Nike's new Techpack collection

NIKE’S NUMBER ONE: Nike has outstripped rivals and been ranked as the most valuable apparel brand at $32.4 billion, according to Brand Finance, the brand valuation and strategy consultancy.

The consultancy has determined Nike’s brand value by assessing its marketing investment, stakeholder equity, business performance, royalty rates and forecast revenues.

The annual report, “Brand Finance Apparel 50,” which categorizes apparel, watches and jewelry brands, valued Nike above competitor Adidas, whose value rose by 17 percent to $16.7 billion. Nike’s 16 percent increase compared with last year comes from its sales growth in key markets such as China, Europe, Middle East and Africa.

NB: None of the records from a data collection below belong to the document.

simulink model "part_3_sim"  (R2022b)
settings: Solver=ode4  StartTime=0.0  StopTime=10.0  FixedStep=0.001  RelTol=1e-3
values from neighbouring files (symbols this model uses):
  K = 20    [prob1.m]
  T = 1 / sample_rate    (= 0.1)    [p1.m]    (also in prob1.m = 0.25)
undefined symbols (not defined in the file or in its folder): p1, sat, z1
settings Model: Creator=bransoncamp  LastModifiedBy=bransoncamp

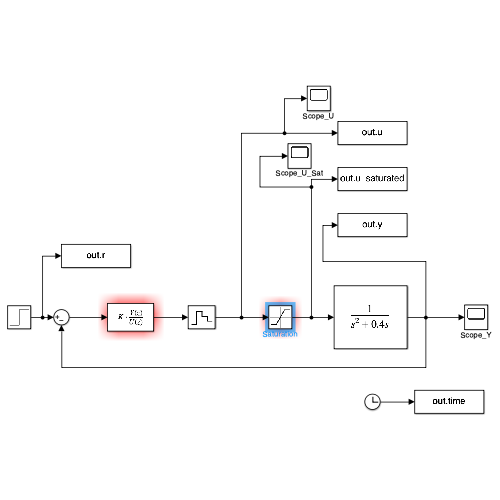
[thumbnail: Simulink's stored preview of the top-level diagram]
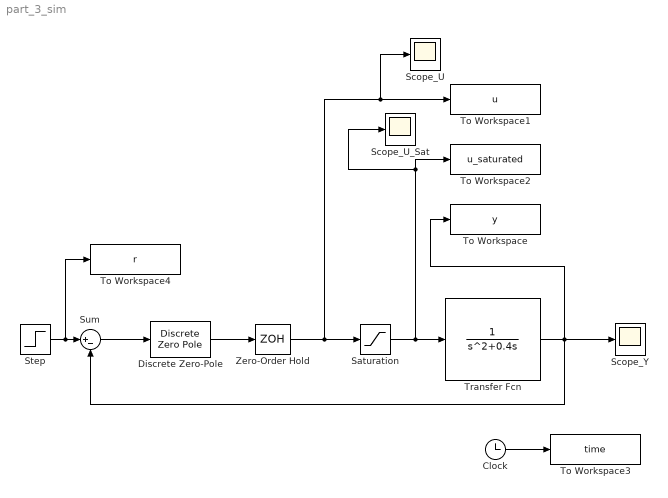
== system part_3_sim ==
  Clock : Clock
  Discrete Zero-Pole : DiscreteZeroPole  Zeros=z1  Poles=p1  Gain=K  SampleTime=T
  Saturation : Saturate  UpperLimit=sat  LowerLimit=-sat
  Scope_U : Scope
  Scope_U_Sat : Scope
  Scope_Y : Scope
  Step : Step  SampleTime=0
  Sum : Sum  Inputs=|+-
  To Workspace : ToWorkspace  VariableName=y  SaveFormat=Structure With Time  SampleTime=-1
  To Workspace1 : ToWorkspace  VariableName=u  SaveFormat=Structure With Time  SampleTime=-1
  To Workspace2 : ToWorkspace  VariableName=u_saturated  SaveFormat=Structure With Time  SampleTime=-1
  To Workspace3 : ToWorkspace  VariableName=time  SampleTime=-1
      settings: Decimation=3
  To Workspace4 : ToWorkspace  VariableName=r  SaveFormat=Structure With Time  SampleTime=-1
  Transfer Fcn : TransferFcn  Denominator=[1 0.4 0]
  Zero-Order Hold : ZeroOrderHold  SampleTime=-1
  wires:
  Saturation/1 -> Scope_U_Sat/1, To Workspace2/1, Transfer Fcn/1
  Zero-Order Hold/1 -> Scope_U/1, To Workspace1/1, Saturation/1
  Sum/1 -> Discrete Zero-Pole/1
  Discrete Zero-Pole/1 -> Zero-Order Hold/1
  Transfer Fcn/1 -> Scope_Y/1, To Workspace/1, Sum/2
  Step/1 -> To Workspace4/1, Sum/1
  Clock/1 -> To Workspace3/1

“Nike’s bold marketing makes it stand out in a busy marketplace of sportswear apparel brands. In a time when customers look for experiences and emotional connection, Nike’s offering comes with unambiguous messages and values that people can rally behind,” said Richard Haigh, managing director of Brand Finance.

According to the consultancy, every Nike campaign makes front-page news, such as the controversial ad featuring Colin Kaepernick, the quarterback who “took a knee” during a football season to protest police brutality.

Elsewhere, fast-fashion retailers such as Uniqlo and Zara saw a year of strong growth. Uniqlo’s brand value increased by 48 percent to $12 billion as a result of growing international sales in the U.S. and China, as well as exposure from its collaboration with tennis player Roger Federer.

Zara knocked high-street retailer H&M to fourth place as it climbed into second place with a valuation of $18.4 billion. Brand Finance said the increase was due to Zara’s successful integration of its online and off-line businesses. Meanwhile, Brand Finance said H&M faced struggles with unsold inventory and sizing complaints.

According to Brand Finance, Rolex remains the strongest brand in the industry. The consultancy firm has awarded it with their elite AAA++ rating and a score of 90 out of 100, which they determine by looking at a brand’s marketing investment, stakeholder equity and business performance.